— Your assignment —
Find the line holding "#86=AXIS2_PLACEMENT_3D('',#83,#84,#85);" in the entries below. Give it again exactly, along with every line after it up to and including the line holding "#112=ADVANCED_FACE('F188',(#111),#108,.F.);".

— Recorded information —
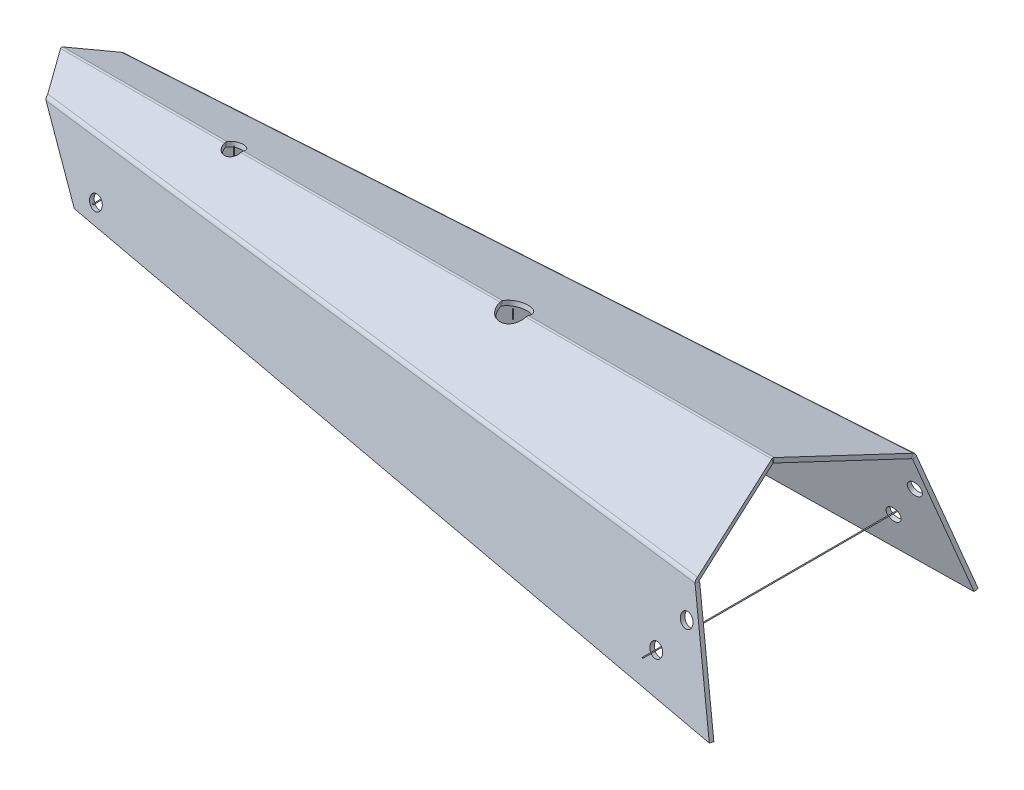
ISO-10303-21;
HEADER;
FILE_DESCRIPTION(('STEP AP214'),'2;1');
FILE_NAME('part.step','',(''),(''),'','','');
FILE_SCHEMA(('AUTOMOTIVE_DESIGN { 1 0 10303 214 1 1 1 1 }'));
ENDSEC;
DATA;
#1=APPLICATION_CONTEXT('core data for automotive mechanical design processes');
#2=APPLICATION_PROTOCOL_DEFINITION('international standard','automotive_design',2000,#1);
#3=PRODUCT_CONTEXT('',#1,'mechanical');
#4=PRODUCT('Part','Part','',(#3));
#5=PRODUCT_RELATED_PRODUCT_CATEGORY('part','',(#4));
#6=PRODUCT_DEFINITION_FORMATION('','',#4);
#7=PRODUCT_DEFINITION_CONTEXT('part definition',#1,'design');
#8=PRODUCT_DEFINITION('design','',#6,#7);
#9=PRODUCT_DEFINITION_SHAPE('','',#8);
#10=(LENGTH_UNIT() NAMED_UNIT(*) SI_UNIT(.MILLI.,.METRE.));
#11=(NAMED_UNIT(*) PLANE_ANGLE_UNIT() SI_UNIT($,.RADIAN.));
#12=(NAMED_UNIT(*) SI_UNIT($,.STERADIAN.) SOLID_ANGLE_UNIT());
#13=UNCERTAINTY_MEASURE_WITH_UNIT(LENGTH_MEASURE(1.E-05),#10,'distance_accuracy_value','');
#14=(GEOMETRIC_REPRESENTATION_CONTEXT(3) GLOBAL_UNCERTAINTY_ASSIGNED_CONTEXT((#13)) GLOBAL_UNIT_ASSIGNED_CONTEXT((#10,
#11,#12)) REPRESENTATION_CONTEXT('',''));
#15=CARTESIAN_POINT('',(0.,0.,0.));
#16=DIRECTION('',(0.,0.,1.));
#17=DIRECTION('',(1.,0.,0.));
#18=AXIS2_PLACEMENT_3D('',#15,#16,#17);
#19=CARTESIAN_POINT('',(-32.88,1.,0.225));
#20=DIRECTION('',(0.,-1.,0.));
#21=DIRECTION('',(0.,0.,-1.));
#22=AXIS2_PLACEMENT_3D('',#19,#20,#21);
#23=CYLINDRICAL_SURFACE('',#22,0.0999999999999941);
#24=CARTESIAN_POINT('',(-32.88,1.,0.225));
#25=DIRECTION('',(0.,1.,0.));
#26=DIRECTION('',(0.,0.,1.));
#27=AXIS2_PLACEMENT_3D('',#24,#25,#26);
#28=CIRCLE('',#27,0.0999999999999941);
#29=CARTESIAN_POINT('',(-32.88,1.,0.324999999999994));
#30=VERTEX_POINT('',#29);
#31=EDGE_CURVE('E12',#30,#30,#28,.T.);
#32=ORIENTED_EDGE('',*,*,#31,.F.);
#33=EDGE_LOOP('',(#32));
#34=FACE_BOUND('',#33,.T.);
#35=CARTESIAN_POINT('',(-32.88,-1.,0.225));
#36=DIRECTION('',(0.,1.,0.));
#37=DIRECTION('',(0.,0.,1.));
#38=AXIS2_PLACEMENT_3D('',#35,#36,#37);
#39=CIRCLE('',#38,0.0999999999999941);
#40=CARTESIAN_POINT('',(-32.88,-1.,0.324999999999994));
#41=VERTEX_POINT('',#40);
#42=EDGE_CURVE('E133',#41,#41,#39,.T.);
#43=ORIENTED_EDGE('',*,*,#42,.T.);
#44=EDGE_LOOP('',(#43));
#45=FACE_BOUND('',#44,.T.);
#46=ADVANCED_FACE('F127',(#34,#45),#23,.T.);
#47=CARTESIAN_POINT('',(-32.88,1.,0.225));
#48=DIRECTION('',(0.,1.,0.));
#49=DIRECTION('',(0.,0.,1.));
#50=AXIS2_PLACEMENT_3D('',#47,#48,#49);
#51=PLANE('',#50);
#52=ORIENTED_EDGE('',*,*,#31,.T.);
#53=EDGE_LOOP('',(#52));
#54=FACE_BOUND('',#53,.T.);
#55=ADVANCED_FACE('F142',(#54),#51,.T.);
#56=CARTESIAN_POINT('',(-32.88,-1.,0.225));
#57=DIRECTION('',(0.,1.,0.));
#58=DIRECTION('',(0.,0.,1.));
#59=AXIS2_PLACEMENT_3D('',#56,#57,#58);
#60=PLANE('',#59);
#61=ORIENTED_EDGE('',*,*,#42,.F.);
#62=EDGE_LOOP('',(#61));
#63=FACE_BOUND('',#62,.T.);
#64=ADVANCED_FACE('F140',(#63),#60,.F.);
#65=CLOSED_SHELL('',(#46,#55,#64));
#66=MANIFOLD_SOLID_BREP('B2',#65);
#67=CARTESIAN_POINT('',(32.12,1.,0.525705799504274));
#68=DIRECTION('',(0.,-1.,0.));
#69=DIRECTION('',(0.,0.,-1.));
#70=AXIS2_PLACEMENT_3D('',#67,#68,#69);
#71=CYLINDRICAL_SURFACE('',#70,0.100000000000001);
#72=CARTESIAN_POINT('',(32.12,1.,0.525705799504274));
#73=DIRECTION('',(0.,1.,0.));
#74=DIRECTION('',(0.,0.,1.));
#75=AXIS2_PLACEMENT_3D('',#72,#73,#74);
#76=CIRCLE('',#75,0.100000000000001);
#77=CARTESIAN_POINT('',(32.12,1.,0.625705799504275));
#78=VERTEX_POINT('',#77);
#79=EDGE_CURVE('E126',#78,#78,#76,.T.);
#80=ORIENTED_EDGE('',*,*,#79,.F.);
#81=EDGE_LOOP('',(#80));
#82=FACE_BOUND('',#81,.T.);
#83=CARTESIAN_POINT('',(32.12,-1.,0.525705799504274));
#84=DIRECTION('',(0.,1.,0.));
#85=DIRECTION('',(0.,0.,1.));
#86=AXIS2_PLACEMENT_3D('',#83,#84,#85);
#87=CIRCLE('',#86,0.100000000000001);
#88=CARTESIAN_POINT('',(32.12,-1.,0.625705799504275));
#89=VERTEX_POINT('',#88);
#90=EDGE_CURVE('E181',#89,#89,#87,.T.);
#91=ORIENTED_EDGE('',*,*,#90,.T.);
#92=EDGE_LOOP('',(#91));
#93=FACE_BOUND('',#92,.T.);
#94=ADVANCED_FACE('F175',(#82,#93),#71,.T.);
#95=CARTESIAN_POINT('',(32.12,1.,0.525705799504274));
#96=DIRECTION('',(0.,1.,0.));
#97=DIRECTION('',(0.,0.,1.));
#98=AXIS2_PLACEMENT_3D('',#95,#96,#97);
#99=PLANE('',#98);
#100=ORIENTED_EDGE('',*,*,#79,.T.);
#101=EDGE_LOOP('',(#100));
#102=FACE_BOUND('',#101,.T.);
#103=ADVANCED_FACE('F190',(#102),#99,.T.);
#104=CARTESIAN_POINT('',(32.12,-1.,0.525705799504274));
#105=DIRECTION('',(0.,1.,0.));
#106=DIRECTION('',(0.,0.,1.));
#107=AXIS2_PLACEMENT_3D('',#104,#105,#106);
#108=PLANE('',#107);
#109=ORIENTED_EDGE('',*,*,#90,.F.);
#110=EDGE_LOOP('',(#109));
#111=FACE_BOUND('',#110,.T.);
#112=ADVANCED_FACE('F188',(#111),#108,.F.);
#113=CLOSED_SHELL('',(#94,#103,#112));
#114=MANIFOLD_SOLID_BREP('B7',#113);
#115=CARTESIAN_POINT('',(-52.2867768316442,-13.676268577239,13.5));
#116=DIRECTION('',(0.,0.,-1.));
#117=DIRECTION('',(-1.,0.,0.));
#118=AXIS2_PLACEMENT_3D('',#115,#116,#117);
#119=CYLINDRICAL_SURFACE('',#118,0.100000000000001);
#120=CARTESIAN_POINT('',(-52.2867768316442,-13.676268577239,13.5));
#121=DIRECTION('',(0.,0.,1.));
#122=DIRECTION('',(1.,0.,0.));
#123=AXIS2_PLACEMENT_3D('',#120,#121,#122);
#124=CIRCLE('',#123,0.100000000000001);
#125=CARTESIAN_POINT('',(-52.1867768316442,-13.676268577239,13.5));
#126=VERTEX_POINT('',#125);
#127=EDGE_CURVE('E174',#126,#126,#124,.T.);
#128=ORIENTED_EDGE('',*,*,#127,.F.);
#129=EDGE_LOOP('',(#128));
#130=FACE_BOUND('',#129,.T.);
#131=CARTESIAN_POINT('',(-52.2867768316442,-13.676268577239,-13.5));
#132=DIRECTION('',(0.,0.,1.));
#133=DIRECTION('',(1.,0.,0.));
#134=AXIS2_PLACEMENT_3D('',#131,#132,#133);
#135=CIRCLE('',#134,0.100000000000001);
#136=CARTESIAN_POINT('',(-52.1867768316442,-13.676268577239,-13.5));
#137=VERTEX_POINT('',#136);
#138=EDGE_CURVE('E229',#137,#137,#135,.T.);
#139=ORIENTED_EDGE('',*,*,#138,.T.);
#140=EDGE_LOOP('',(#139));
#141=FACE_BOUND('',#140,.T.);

— Expected output —
#86=AXIS2_PLACEMENT_3D('',#83,#84,#85);
#87=CIRCLE('',#86,0.100000000000001);
#88=CARTESIAN_POINT('',(32.12,-1.,0.625705799504275));
#89=VERTEX_POINT('',#88);
#90=EDGE_CURVE('E181',#89,#89,#87,.T.);
#91=ORIENTED_EDGE('',*,*,#90,.T.);
#92=EDGE_LOOP('',(#91));
#93=FACE_BOUND('',#92,.T.);
#94=ADVANCED_FACE('F175',(#82,#93),#71,.T.);
#95=CARTESIAN_POINT('',(32.12,1.,0.525705799504274));
#96=DIRECTION('',(0.,1.,0.));
#97=DIRECTION('',(0.,0.,1.));
#98=AXIS2_PLACEMENT_3D('',#95,#96,#97);
#99=PLANE('',#98);
#100=ORIENTED_EDGE('',*,*,#79,.T.);
#101=EDGE_LOOP('',(#100));
#102=FACE_BOUND('',#101,.T.);
#103=ADVANCED_FACE('F190',(#102),#99,.T.);
#104=CARTESIAN_POINT('',(32.12,-1.,0.525705799504274));
#105=DIRECTION('',(0.,1.,0.));
#106=DIRECTION('',(0.,0.,1.));
#107=AXIS2_PLACEMENT_3D('',#104,#105,#106);
#108=PLANE('',#107);
#109=ORIENTED_EDGE('',*,*,#90,.F.);
#110=EDGE_LOOP('',(#109));
#111=FACE_BOUND('',#110,.T.);
#112=ADVANCED_FACE('F188',(#111),#108,.F.);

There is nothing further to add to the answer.